Theoretical and experimental studies on the contact line motion of second-order fluid

Abstract

In this study, we studied the contact line motion of second-order fluids theoretically and experimentally. The theoretical study showed that the positive first normal stress difference (N (1)) increases the contact line velocity while the second normal stress difference (N (2)) does not affect the contact line motion. The increased contact line velocity is caused by the hoop stress acting on the curved stream lines near the contact line. The hoop stress increases the liquid pressure near the contact line, and the increased pressure changes the surface profile to have the smaller curvature and smaller dynamic contact angle. The contribution of N (1)is 1 order of magnitude smaller than the contribution from the viscous component when the Deborah number remains O(1).

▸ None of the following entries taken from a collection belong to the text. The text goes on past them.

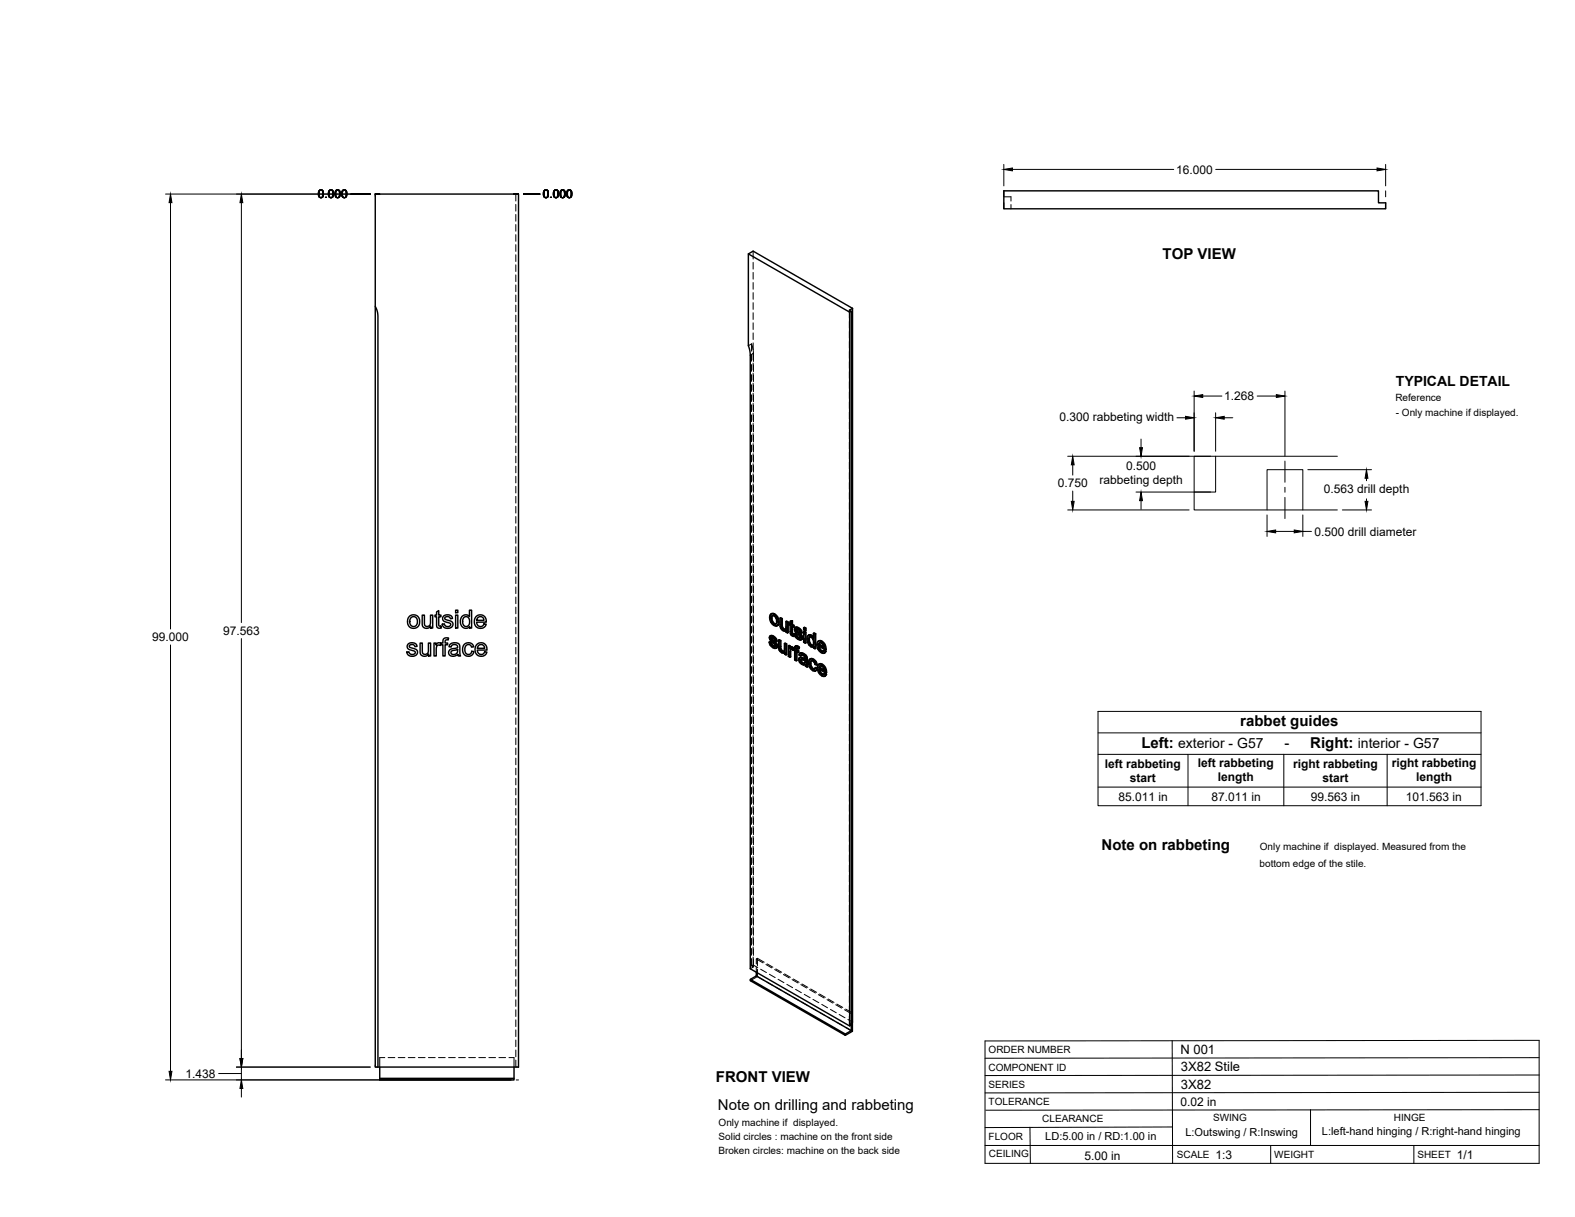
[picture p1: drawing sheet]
<svg xmlns="http://www.w3.org/2000/svg" width="559mm" height="432mm" viewBox="0 0 559 432" stroke-linecap="round" stroke-linejoin="round" font-family="sans-serif">
<!-- layer: Visible -->
<g fill="none" stroke="#000" stroke-width=".51">
<path d="M356.2 67.7h132.9v4.3h2.5v2.1h-135.4zM265.5 90.1l36 20.7v253.2M133.1 108.7v269.9h50.9v-309.7h-50.9v39.8l.8 2.1 .2 1.5v266.3M302 110.4l-.5 .4M302.5 109.4l-1.2 .7 .7 .3v253.3M302.5 109.4l-35.3-20.3-1.7 1v32.6l.7 3.3v217.7l35.3 20.3 .5-.3M302.5 109.4l-.1 256.5-2.5 1.4M145.3 218.7a2.3 2.3 0 0 1 3.6 1.8 2.3 2.3 0 0 1-3.5 2 2.85 2.85 0 0 1-.1-3.8zM145.8 219.2l.9-.4 .7 .2 .5 .5 .2 1.6-.8 1.1h-1l-.8-.7-.1-1.3zM149.8 218.2h.8v2.6a1.15 1.15 0 0 0 1.1 1.5 1.15 1.15 0 0 0 1-1.6v-2.5h.8v4.6h-.7v-.6a1.63 1.63 0 0 1-1.9 .7 1.63 1.63 0 0 1-1.1-1.8zM154.9 217.1l.8-.5v1.6h.7v.6h-.7v3.2l.7 .1 .2 .7-.6 .1a1.02 1.02 0 0 1-1.1-1.4v-2.7h-.6v-.6h.6zM157.4 218.5l.9-.3h1.1a1.33 1.33 0 0 1 1.1 1.2l-.7 .1a.96 .96 0 0 0-1-.8 .96 .96 0 0 0-.9 .9l.6 .3a2.51 2.51 0 0 1 2.2 1.2 1.92 1.92 0 0 1-1.5 1.8 1.92 1.92 0 0 1-2.2-1l-.1-.4 .8-.2a1.08 1.08 0 0 0 1.1 1.1 1.08 1.08 0 0 0 1-1.1l-1.8-.7a1.2 1.2 0 0 1-.9-.8 1.2 1.2 0 0 1 .3-1.3z"/>
<path d="M161.6 218.2h.8v4.6h-.8zM161.6 216.5h.8v.9h-.8zM163.9 218.8a1.73 1.73 0 0 1 2.7 0v-2.3h.7v6.3h-.7v-.5a1.9 1.9 0 0 1-2.3 .4 1.9 1.9 0 0 1-1-2.1zM164.5 219.2l.5-.4a1.8 1.8 0 0 1 1.6 1.2 1.8 1.8 0 0 1-.4 2l-.4 .3a1.81 1.81 0 0 1-1.7-1.2 1.81 1.81 0 0 1 .4-1.9zM168.9 218.8a2.15 2.15 0 0 1 2.6-.4 2.15 2.15 0 0 1 1 2.3h-3.4l.2 .8a1.29 1.29 0 0 0 1.2 .8 1.29 1.29 0 0 0 1.2-.9l.8 .1-.4 .7a2.33 2.33 0 0 1-3.2 .1 2.33 2.33 0 0 1-.2-3.2zM169.5 219.1l.6-.3 .9 .1 .5 .4 .2 .8h-2.6zM273.6 217.8l.6-.2 .6 .2zM273.6 217.8l-.6 1.1 .4 1.8 1.3 1.3 .7 .1 .5-.3M273.6 219.4l.3 1.2M274.1 218.4l-.2 .8M274.6 218l.9 .9a1.6 1.6 0 0 1 .9 1.7M274.8 217.8l1.1 1.2"/>
<path d="M275.7 219.1l.4 1.7 .3-.2-.2 1.1M276.7 219.3l.6 .3 .3-.1v2.8M277.3 219.6v2.7h.3l.2 .5M277.6 219.5l-.6-.3-.3 .1 .1 2.9 .2 .8 .6 .6a.89 .89 0 0 0 1.3 .2M144.8 228.6l.7-.5h1.1a1.38 1.38 0 0 1 1.4 1.2l-.8 .1a1.03 1.03 0 0 0-1-.7 1.03 1.03 0 0 0-1 .7l.7 .5a2.18 2.18 0 0 1 2.2 1.2 1.92 1.92 0 0 1-1.7 1.8 1.92 1.92 0 0 1-2-1.4l.7-.2a1.1 1.1 0 0 0 1.1 .9 1.1 1.1 0 0 0 1.1-1l-2-.7a1.17 1.17 0 0 1-.5-1.9zM149.1 228.2h.7v2.5a1.15 1.15 0 0 0 1.2 1.5 1.15 1.15 0 0 0 1-1.6v-2.4h.8v4.5h-.7v-.6a1.63 1.63 0 0 1-2 .7 1.63 1.63 0 0 1-1-1.8zM154 228.2h.7v.7a1.1 1.1 0 0 1 1.8-.6l.6-.1v-.5a1.33 1.33 0 0 1 .6-1.3 1.33 1.33 0 0 1 1.5 0l-.2 .7a.71 .71 0 0 0-.7-.1 .71 .71 0 0 0-.4 .7v.5h.9v.6h-.9v3.9h-.8v-3.9h-.6v-.4l-.3 .6-.3-.1a1.07 1.07 0 0 0-1.1 1.4v2.4h-.8zM159.8 228.5l1.8-.5 1.3 .5 .5 4.2h-.8l-.2-.5a1.75 1.75 0 0 1-1.9 .7 1.75 1.75 0 0 1-1.3-1.7l.8-.9 1.5-.3a.7 .7 0 0 0 .8-.7 .7 .7 0 0 0-.9-.6l-1 .2-.3 .7-.8-.1zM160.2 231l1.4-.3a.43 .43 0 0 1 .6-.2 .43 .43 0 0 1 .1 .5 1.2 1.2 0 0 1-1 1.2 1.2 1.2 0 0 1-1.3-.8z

For experiments, silicone oils of different kinematic viscosities (1,000-200,000 mm (2)/s) were used while eliminating the drying problem and shear-thinning effect near the contact line. The silicone oils were well fitted to the second-order fluid model with the positive first normal stress difference. The spreading rate of a silicone oil drop on a solid surface was faster than the spreading rate predicted by the theory for Newtonian fluids. As the theory predicts that N (1)increases the contact line velocity and the experimental result confirms the theoretical prediction, the effect of N (1)is established.